### INFORMATION SUPPLIED
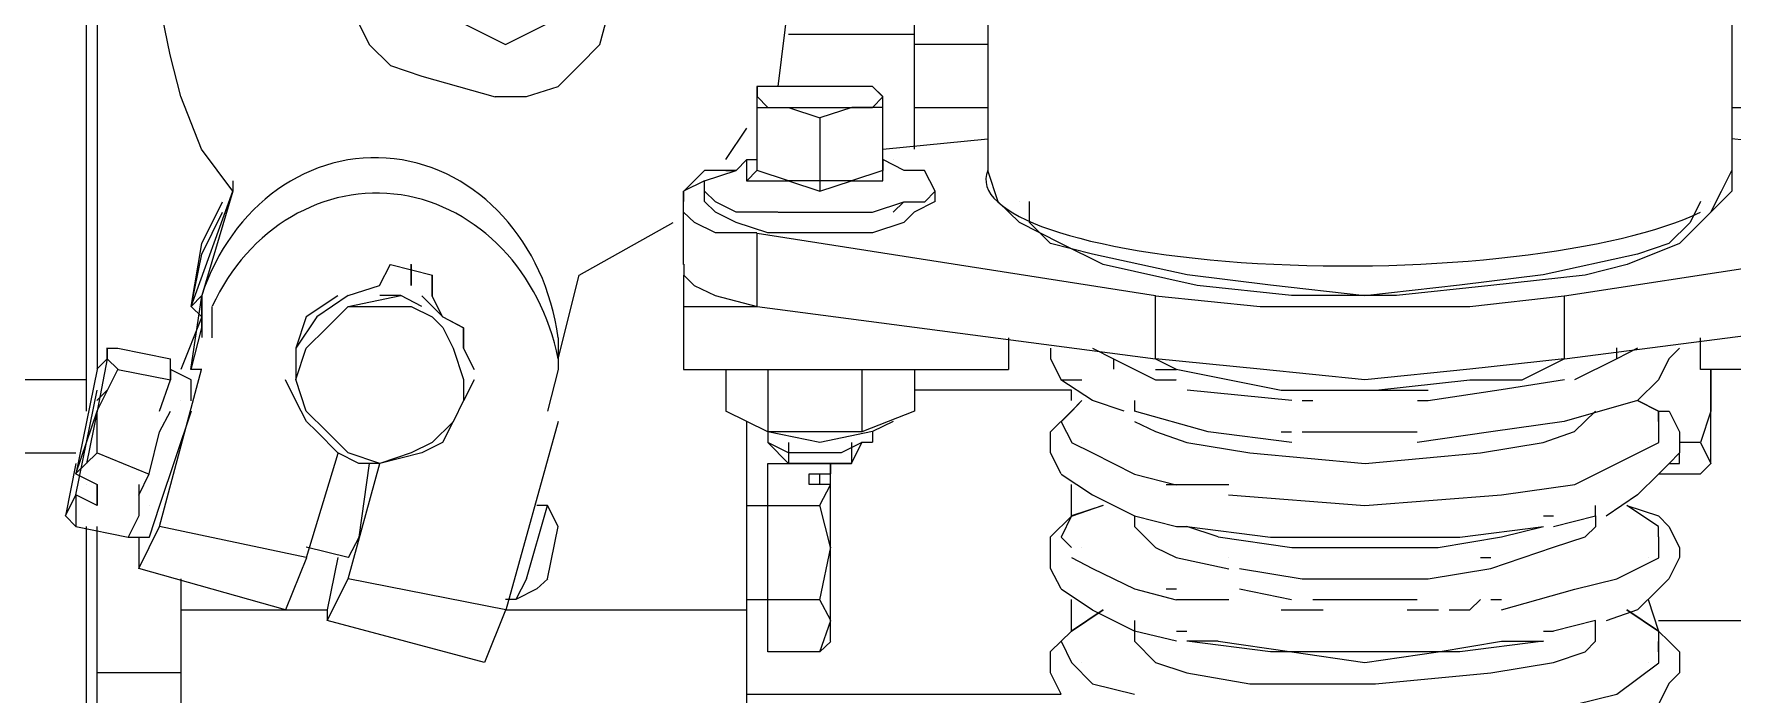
# Model space of a CAD drawing. Header units: inches. Extents: x 11 to 128, y 20 to 108.
# Drawn here: x 30.7915 to 30.9072, y 82.8701 to 82.9152 of the extents above; entities that cross this region are included whole.
import ezdxf

# ---------------------------------------------------------------- set-up
doc = ezdxf.new("R2010")
doc.units = ezdxf.units.IN
doc.header["$MEASUREMENT"] = 0
doc.layers.add('1', color=255, linetype='Continuous')
doc.layers.add('Dim', color=6, linetype='Continuous', lineweight=13)

# ---------------------------------------------------------------- blocks, each defined once
blk = doc.blocks.new('5')
at = {"layer": '1', "lineweight": 9}
for p, q in [((225.85208, -21.72248), (225.85208, -21.5942)), ((225.85273, -21.5942), (225.85273, -21.71995)), ((225.90225, -21.7066), (225.90225, -21.63419)), ((225.88319, -21.70024), (225.89717, -21.64881)), ((225.9067, -21.6577), (225.9067, -21.70787)), ((225.95178, -21.6577), (225.95178, -21.70787)), ((225.85716, -21.70088), (225.85652, -21.69772)), ((225.89399, -21.7028), (225.89463, -21.69772)), ((225.86859, -21.69897), (225.86921, -21.70024)), ((225.87494, -21.69897), (225.87748, -21.70024)), ((225.87748, -21.70024), (225.88002, -21.69897)), ((225.89462, -21.69962), (225.90225, -21.69962)), ((225.85781, -21.70341), (225.85716, -21.70088)), ((225.86921, -21.70024), (225.8705, -21.70153)), ((225.88194, -21.70153), (225.88319, -21.70024)), ((225.9067, -21.70024), (225.90224, -21.70024)), ((225.8705, -21.70153), (225.8724, -21.70216)), ((225.88067, -21.70279), (225.88194, -21.70153)), ((225.8724, -21.70216), (225.87684, -21.70342)), ((225.87875, -21.70341), (225.88067, -21.70279)), ((225.89462, -21.7028), (225.89271, -21.7028)), ((225.89272, -21.70341), (225.89272, -21.7028)), ((225.89272, -21.7028), (225.89272, -21.70341)), ((225.89844, -21.7028), (225.89462, -21.7028)), ((225.89972, -21.7028), (225.89845, -21.7028)), ((225.90034, -21.70342), (225.89971, -21.70279)), ((225.90034, -21.70341), (225.89971, -21.7028)), ((225.85906, -21.7066), (225.85781, -21.70341)), ((225.87685, -21.70341), (225.87875, -21.70341)), ((225.89272, -21.70788), (225.89272, -21.70341)), ((225.89272, -21.70341), (225.89336, -21.70407)), ((225.89272, -21.70407), (225.89463, -21.70407)), ((225.89336, -21.70407), (225.89463, -21.70407)), ((225.89462, -21.70407), (225.89844, -21.70407)), ((225.89463, -21.70407), (225.89653, -21.7047)), ((225.89845, -21.70407), (225.89653, -21.7047)), ((225.89844, -21.70407), (225.89971, -21.70407)), ((225.90035, -21.70407), (225.89845, -21.70407)), ((225.89971, -21.70407), (225.90034, -21.70342)), ((225.90034, -21.70788), (225.90034, -21.70341)), ((225.90225, -21.70407), (225.90671, -21.70407)), ((225.95178, -21.70407), (225.95751, -21.70407)), ((225.89653, -21.7047), (225.89653, -21.70852)), ((225.89082, -21.70723), (225.89209, -21.70533)), ((225.9067, -21.70598), (225.90034, -21.70661)), ((225.95751, -21.7066), (225.95178, -21.70597)), ((225.86096, -21.70915), (225.85906, -21.7066)), ((225.88953, -21.70788), (225.88891, -21.70851)), ((225.89145, -21.70788), (225.88953, -21.70788)), ((225.88954, -21.70852), (225.89146, -21.70788)), ((225.89082, -21.70788), (225.89145, -21.70788)), ((225.89145, -21.70788), (225.89209, -21.70723)), ((225.89208, -21.70788), (225.89208, -21.70851)), ((225.89209, -21.70723), (225.89209, -21.70723)), ((225.89209, -21.70723), (225.89209, -21.70723)), ((225.89209, -21.70723), (225.89271, -21.70723)), ((225.89209, -21.70723), (225.89209, -21.70723)), ((225.89209, -21.70788), (225.89209, -21.70723)), ((225.89209, -21.70851), (225.89271, -21.70788)), ((225.89272, -21.70723), (225.89272, -21.70723)), ((225.89462, -21.70851), (225.89272, -21.70788)), ((225.90034, -21.70788), (225.89844, -21.70851)), ((225.90162, -21.70788), (225.90034, -21.70723)), ((225.90034, -21.70723), (225.90034, -21.70723)), ((225.90034, -21.70723), (225.90034, -21.70723)), ((225.90034, -21.70723), (225.90034, -21.70723)), ((225.90034, -21.70723), (225.90034, -21.70789)), ((225.90034, -21.70851), (225.90034, -21.70788)), ((225.90034, -21.70851), (225.90034, -21.70788)), ((225.90097, -21.70723), (225.90097, -21.70723)), ((225.90287, -21.70788), (225.90162, -21.70788)), ((225.90351, -21.70915), (225.90287, -21.70788)), ((225.90732, -21.70978), (225.90669, -21.70788)), ((225.95115, -21.70915), (225.95178, -21.70788)), ((225.95178, -21.70788), (225.95178, -21.70915)), ((225.85843, -21.71613), (225.86095, -21.70915)), ((225.86095, -21.70915), (225.85907, -21.71547)), ((225.86096, -21.70851), (225.86096, -21.70914)), ((225.88954, -21.70851), (225.88827, -21.70914)), ((225.88827, -21.70977), (225.88827, -21.70914)), ((225.88827, -21.70914), (225.88827, -21.70977)), ((225.88891, -21.70851), (225.88828, -21.70915)), ((225.88954, -21.70915), (225.88954, -21.70852)), ((225.88954, -21.70977), (225.88954, -21.70914)), ((225.88954, -21.70915), (225.88954, -21.70915)), ((225.89019, -21.70978), (225.88954, -21.70915)), ((225.89208, -21.70851), (225.89462, -21.70851)), ((225.89462, -21.70851), (225.89652, -21.70914)), ((225.89653, -21.70851), (225.89462, -21.70851)), ((225.89652, -21.70914), (225.89844, -21.70851)), ((225.89844, -21.70851), (225.89652, -21.70851)), ((225.89653, -21.70852), (225.89653, -21.70915)), ((225.89844, -21.70851), (225.90034, -21.70851)), ((225.90288, -21.70978), (225.90351, -21.70915)), ((225.90351, -21.70977), (225.90351, -21.70914)), ((225.95178, -21.70915), (225.95051, -21.71041)), ((225.95051, -21.71041), (225.95115, -21.70915)), ((225.85907, -21.71231), (225.86033, -21.70978)), ((225.88827, -21.71358), (225.88827, -21.70977)), ((225.88827, -21.71041), (225.88827, -21.70977)), ((225.89019, -21.71041), (225.88954, -21.70977)), ((225.89146, -21.71041), (225.89019, -21.70978)), ((225.89971, -21.71041), (225.90161, -21.70978)), ((225.90097, -21.71041), (225.90161, -21.70978)), ((225.90161, -21.70978), (225.90224, -21.70978)), ((225.90351, -21.70977), (225.90224, -21.71041)), ((225.90224, -21.70978), (225.90288, -21.70978)), ((225.90861, -21.71104), (225.90732, -21.70978)), ((225.90861, -21.70977), (225.90861, -21.70977)), ((225.90923, -21.71104), (225.90923, -21.70977)), ((225.94988, -21.70977), (225.94925, -21.71104)), ((225.95051, -21.70977), (225.95051, -21.70977)), ((225.85907, -21.71296), (225.86033, -21.71041)), ((225.88194, -21.71423), (225.88763, -21.71105)), ((225.88892, -21.71104), (225.88827, -21.71041)), ((225.89019, -21.71167), (225.88892, -21.71104)), ((225.89146, -21.71104), (225.89019, -21.71041)), ((225.89398, -21.71041), (225.89146, -21.71041)), ((225.89337, -21.71167), (225.89146, -21.71104)), ((225.89399, -21.71041), (225.89588, -21.71041)), ((225.89527, -21.71041), (225.89971, -21.71041)), ((225.90161, -21.71104), (225.89971, -21.71167)), ((225.90224, -21.71041), (225.90161, -21.71104)), ((225.91113, -21.71231), (225.90861, -21.71104)), ((225.9105, -21.71232), (225.90923, -21.71104)), ((225.94925, -21.71104), (225.94796, -21.71232)), ((225.95051, -21.71041), (225.94861, -21.71231)), ((225.85843, -21.71613), (225.85907, -21.71231)), ((225.89271, -21.71167), (225.89019, -21.71167)), ((225.89272, -21.71613), (225.89272, -21.71168)), ((225.89272, -21.71168), (225.91686, -21.71547)), ((225.89652, -21.71167), (225.89337, -21.71167)), ((225.89971, -21.71167), (225.89652, -21.71167)), ((225.91304, -21.71296), (225.9105, -21.71232)), ((225.91368, -21.71359), (225.91113, -21.71231)), ((225.94163, -21.71548), (225.96639, -21.71168)), ((225.94861, -21.71231), (225.94543, -21.71359)), ((225.94796, -21.71232), (225.94606, -21.71296)), ((225.85843, -21.71613), (225.85907, -21.71296)), ((225.91877, -21.71422), (225.91304, -21.71296)), ((225.94606, -21.71296), (225.94035, -21.71422)), ((225.86985, -21.71486), (225.8705, -21.71357)), ((225.8705, -21.71358), (225.87305, -21.71424)), ((225.87176, -21.71486), (225.87176, -21.71357)), ((225.87176, -21.71358), (225.87176, -21.71487)), ((225.87304, -21.71423), (225.87304, -21.71548)), ((225.87304, -21.71548), (225.87304, -21.71423)), ((225.88066, -21.71931), (225.88194, -21.71423)), ((225.88827, -21.71423), (225.88827, -21.71995)), ((225.88828, -21.71357), (225.88828, -21.71423)), ((225.88828, -21.71423), (225.8889, -21.71486)), ((225.91939, -21.71486), (225.91368, -21.71359)), ((225.92382, -21.71485), (225.91877, -21.71422)), ((225.94035, -21.71422), (225.93528, -21.71485)), ((225.94288, -21.71423), (225.93717, -21.71486)), ((225.94543, -21.71359), (225.94288, -21.71423)), ((225.86794, -21.71547), (225.86985, -21.71486)), ((225.8889, -21.71486), (225.89017, -21.71547)), ((225.9251, -21.71547), (225.91939, -21.71486)), ((225.92955, -21.71549), (225.92382, -21.71485)), ((225.93528, -21.71485), (225.92955, -21.71549)), ((225.93717, -21.71486), (225.93146, -21.71547)), ((225.85842, -21.71995), (225.85907, -21.71548)), ((225.85907, -21.71547), (225.85843, -21.71613)), ((225.85907, -21.71676), (225.85843, -21.71613)), ((225.85843, -21.71613), (225.85843, -21.71613)), ((225.85843, -21.71613), (225.85843, -21.71613)), ((225.85907, -21.71741), (225.85907, -21.71547)), ((225.85907, -21.71547), (225.85907, -21.71613)), ((225.85907, -21.71548), (225.85907, -21.71548)), ((225.85907, -21.71613), (225.85907, -21.71802)), ((225.85907, -21.71613), (225.85907, -21.71676)), ((225.85971, -21.71803), (225.85971, -21.71613)), ((225.86732, -21.71548), (225.8654, -21.71676)), ((225.86794, -21.71547), (225.86604, -21.71676)), ((225.86668, -21.71741), (225.86795, -21.71613)), ((225.86795, -21.71613), (225.87114, -21.71547)), ((225.86795, -21.71613), (225.86795, -21.71613)), ((225.86795, -21.71613), (225.86986, -21.71613)), ((225.87114, -21.71547), (225.86986, -21.71547)), ((225.86986, -21.71613), (225.87176, -21.71613)), ((225.8724, -21.71613), (225.87113, -21.71547)), ((225.87176, -21.71613), (225.87303, -21.71676)), ((225.8724, -21.71548), (225.87367, -21.71676)), ((225.87366, -21.71676), (225.87303, -21.71548)), ((225.88827, -21.71613), (225.88827, -21.71613)), ((225.88827, -21.71613), (225.89271, -21.71613)), ((225.88827, -21.71613), (225.88827, -21.71613)), ((225.89017, -21.71547), (225.89272, -21.71613)), ((225.89272, -21.71613), (225.91686, -21.71931)), ((225.91686, -21.71931), (225.91686, -21.71547)), ((225.91686, -21.71548), (225.92319, -21.71613)), ((225.92319, -21.71613), (225.92955, -21.71613)), ((225.93146, -21.71547), (225.9251, -21.71547)), ((225.92955, -21.71613), (225.93591, -21.71613)), ((225.93591, -21.71613), (225.94162, -21.71548)), ((225.94163, -21.71931), (225.94163, -21.71548)), ((225.94163, -21.71931), (225.96639, -21.71612)), ((225.85907, -21.71676), (225.8578, -21.71995)), ((225.85843, -21.71995), (225.85907, -21.71742)), ((225.85907, -21.71742), (225.85907, -21.71676)), ((225.85907, -21.71676), (225.85907, -21.71676)), ((225.85971, -21.71676), (225.85971, -21.71676)), ((225.86604, -21.71676), (225.86477, -21.71866)), ((225.8654, -21.71676), (225.86478, -21.71866)), ((225.8654, -21.71866), (225.86668, -21.71741)), ((225.87303, -21.71676), (225.87368, -21.71741)), ((225.87493, -21.71742), (225.87366, -21.71676)), ((225.87367, -21.71676), (225.87494, -21.71742)), ((225.87368, -21.71741), (225.8743, -21.71866)), ((225.87493, -21.71866), (225.87493, -21.71742)), ((225.87494, -21.71742), (225.87494, -21.71866)), ((225.88066, -21.71803), (225.88066, -21.71995)), ((225.90796, -21.71803), (225.90796, -21.71995)), ((225.94988, -21.71995), (225.94988, -21.71803)), ((225.85272, -21.71994), (225.85334, -21.71931)), ((225.85335, -21.71931), (225.85273, -21.72248)), ((225.85334, -21.71931), (225.85334, -21.71865)), ((225.85334, -21.71866), (225.85398, -21.71866)), ((225.85334, -21.71866), (225.85334, -21.71931)), ((225.85334, -21.71931), (225.85334, -21.71931)), ((225.85334, -21.71931), (225.85334, -21.71931)), ((225.85334, -21.71931), (225.85399, -21.71994)), ((225.85334, -21.71931), (225.85334, -21.71931)), ((225.85398, -21.71866), (225.85717, -21.71931)), ((225.85717, -21.72058), (225.85717, -21.7193)), ((225.86477, -21.71866), (225.86477, -21.71994)), ((225.86477, -21.71931), (225.86477, -21.72059)), ((225.86478, -21.72057), (225.8654, -21.71866)), ((225.8743, -21.71866), (225.87493, -21.72057)), ((225.87558, -21.71995), (225.87493, -21.71866)), ((225.87494, -21.71866), (225.87557, -21.71995)), ((225.9105, -21.71866), (225.9105, -21.7193)), ((225.9105, -21.7193), (225.91114, -21.72058)), ((225.91304, -21.71866), (225.91431, -21.7193)), ((225.91431, -21.7193), (225.91686, -21.72058)), ((225.91431, -21.71931), (225.91431, -21.71994)), ((225.91686, -21.71931), (225.91811, -21.71994)), ((225.92319, -21.71994), (225.91686, -21.71931)), ((225.94162, -21.71931), (225.93591, -21.71994)), ((225.93908, -21.72059), (225.94162, -21.71931)), ((225.94481, -21.71931), (225.94225, -21.72058)), ((225.94481, -21.71931), (225.94481, -21.71865)), ((225.94606, -21.71866), (225.94481, -21.71931)), ((225.94796, -21.71931), (225.94734, -21.72058)), ((225.94861, -21.71866), (225.94796, -21.71931)), ((225.85208, -21.72058), (225.84762, -21.72058)), ((225.85273, -21.71995), (225.85144, -21.72629)), ((225.85399, -21.71994), (225.85272, -21.72247)), ((225.85334, -21.71995), (225.85334, -21.71995)), ((225.85398, -21.71995), (225.85717, -21.72058)), ((225.85652, -21.72948), (225.85906, -21.71995)), ((225.85652, -21.72248), (225.85717, -21.72058)), ((225.85717, -21.71995), (225.85717, -21.72058)), ((225.85843, -21.72058), (225.85718, -21.71995)), ((225.85907, -21.71995), (225.85842, -21.71995)), ((225.85843, -21.72185), (225.85843, -21.72058)), ((225.86477, -21.72185), (225.86415, -21.72058)), ((225.86477, -21.72058), (225.86477, -21.72058)), ((225.8654, -21.72247), (225.86478, -21.72057)), ((225.87493, -21.72057), (225.87493, -21.72184)), ((225.87558, -21.72058), (225.87493, -21.72185)), ((225.87558, -21.72058), (225.87558, -21.72058)), ((225.88066, -21.71995), (225.88003, -21.72248)), ((225.88827, -21.71995), (225.90795, -21.71995)), ((225.89018, -21.71995), (225.89083, -21.71995)), ((225.89082, -21.71995), (225.89082, -21.72247)), ((225.89336, -21.71995), (225.89336, -21.72374)), ((225.89906, -21.71995), (225.89906, -21.72374)), ((225.90225, -21.71995), (225.90225, -21.72247)), ((225.91305, -21.72184), (225.91113, -21.72058)), ((225.91114, -21.72058), (225.91177, -21.72058)), ((225.91177, -21.72058), (225.9124, -21.72058)), ((225.91686, -21.71995), (225.9175, -21.71995)), ((225.91686, -21.72058), (225.91811, -21.72058)), ((225.9175, -21.71995), (225.91812, -21.71995)), ((225.91811, -21.71994), (225.92448, -21.7212)), ((225.91812, -21.72058), (225.91812, -21.72058)), ((225.92955, -21.72059), (225.92319, -21.71994)), ((225.93591, -21.71994), (225.92955, -21.72059)), ((225.94163, -21.72058), (225.93781, -21.72119)), ((225.94163, -21.71995), (225.94163, -21.71995)), ((225.94734, -21.72058), (225.94607, -21.72184)), ((225.97084, -21.71995), (225.94987, -21.71995)), ((225.94988, -21.71995), (225.94988, -21.71995)), ((225.95051, -21.71995), (225.95051, -21.72247)), ((225.95051, -21.72566), (225.95051, -21.71995)), ((225.85144, -21.72756), (225.85273, -21.7212)), ((225.85334, -21.7212), (225.85272, -21.72183)), ((225.85273, -21.7212), (225.85273, -21.7212)), ((225.85273, -21.7212), (225.85273, -21.7212)), ((225.91177, -21.7212), (225.90225, -21.7212)), ((225.91177, -21.72184), (225.91177, -21.72121)), ((225.92511, -21.72184), (225.91877, -21.72121)), ((225.92448, -21.7212), (225.9302, -21.7212)), ((225.92638, -21.7212), (225.93337, -21.7212)), ((225.9302, -21.7212), (225.93591, -21.72059)), ((225.93781, -21.72119), (225.93337, -21.72185)), ((225.93591, -21.72059), (225.93908, -21.72059)), ((225.85144, -21.72628), (225.85273, -21.72247)), ((225.85208, -21.72248), (225.85208, -21.72248)), ((225.85273, -21.72248), (225.85208, -21.72566)), ((225.85272, -21.72247), (225.85272, -21.72502)), ((225.85843, -21.72248), (225.85651, -21.72819)), ((225.85652, -21.72373), (225.85717, -21.72247)), ((225.8578, -21.72184), (225.8578, -21.72184)), ((225.86542, -21.72311), (225.86477, -21.72185)), ((225.86668, -21.72374), (225.8654, -21.72247)), ((225.87493, -21.72184), (225.8743, -21.72312)), ((225.87493, -21.72185), (225.87431, -21.72311)), ((225.89336, -21.72373), (225.89082, -21.72247)), ((225.90225, -21.72248), (225.89906, -21.72374)), ((225.9105, -21.72373), (225.91177, -21.72247)), ((225.91178, -21.72247), (225.91115, -21.72312)), ((225.91177, -21.72247), (225.9124, -21.72184)), ((225.9124, -21.72184), (225.91178, -21.72247)), ((225.91495, -21.72248), (225.91305, -21.72184)), ((225.92004, -21.72374), (225.91558, -21.72247)), ((225.91559, -21.72184), (225.91559, -21.72247)), ((225.91559, -21.72248), (225.91559, -21.72248)), ((225.92574, -21.72184), (225.92638, -21.72184)), ((225.93273, -21.72184), (225.93337, -21.72184)), ((225.94607, -21.72184), (225.94162, -21.72311)), ((225.94225, -21.72372), (225.94352, -21.72248)), ((225.94606, -21.72184), (225.94733, -21.72247)), ((225.94734, -21.72248), (225.94607, -21.72184)), ((225.94733, -21.72247), (225.94798, -21.72247)), ((225.94734, -21.72311), (225.94734, -21.72248)), ((225.94735, -21.72311), (225.94735, -21.72248)), ((225.94798, -21.72247), (225.9486, -21.72374)), ((225.95051, -21.72247), (225.94988, -21.72437)), ((225.86604, -21.72372), (225.86542, -21.72311)), ((225.8743, -21.72312), (225.87303, -21.72437)), ((225.87431, -21.72311), (225.87366, -21.72438)), ((225.88066, -21.72311), (225.87749, -21.73454)), ((225.89209, -21.75106), (225.89209, -21.72311)), ((225.89336, -21.72374), (225.89209, -21.72311)), ((225.90097, -21.72311), (225.89971, -21.72372)), ((225.91115, -21.72312), (225.91178, -21.72437)), ((225.91559, -21.72311), (225.91686, -21.72372)), ((225.94162, -21.72311), (225.93717, -21.72374)), ((225.94735, -21.72372), (225.94735, -21.72311)), ((225.85589, -21.72628), (225.85652, -21.72373)), ((225.86732, -21.72501), (225.86604, -21.72372)), ((225.86795, -21.725), (225.86668, -21.72374)), ((225.86732, -21.72437), (225.86732, -21.72437)), ((225.87303, -21.72437), (225.87176, -21.725)), ((225.87366, -21.72438), (225.87241, -21.72501)), ((225.89336, -21.72374), (225.89336, -21.72437)), ((225.89653, -21.72437), (225.89336, -21.72374)), ((225.89336, -21.72437), (225.89336, -21.72437)), ((225.89906, -21.72373), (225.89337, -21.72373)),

### ASSIGNED TASK
Bring together every line in the entries that holds the string "ezdxf".

### TASK SOLUTION
import ezdxf
doc = ezdxf.new("R2010")
doc.units = ezdxf.units.IN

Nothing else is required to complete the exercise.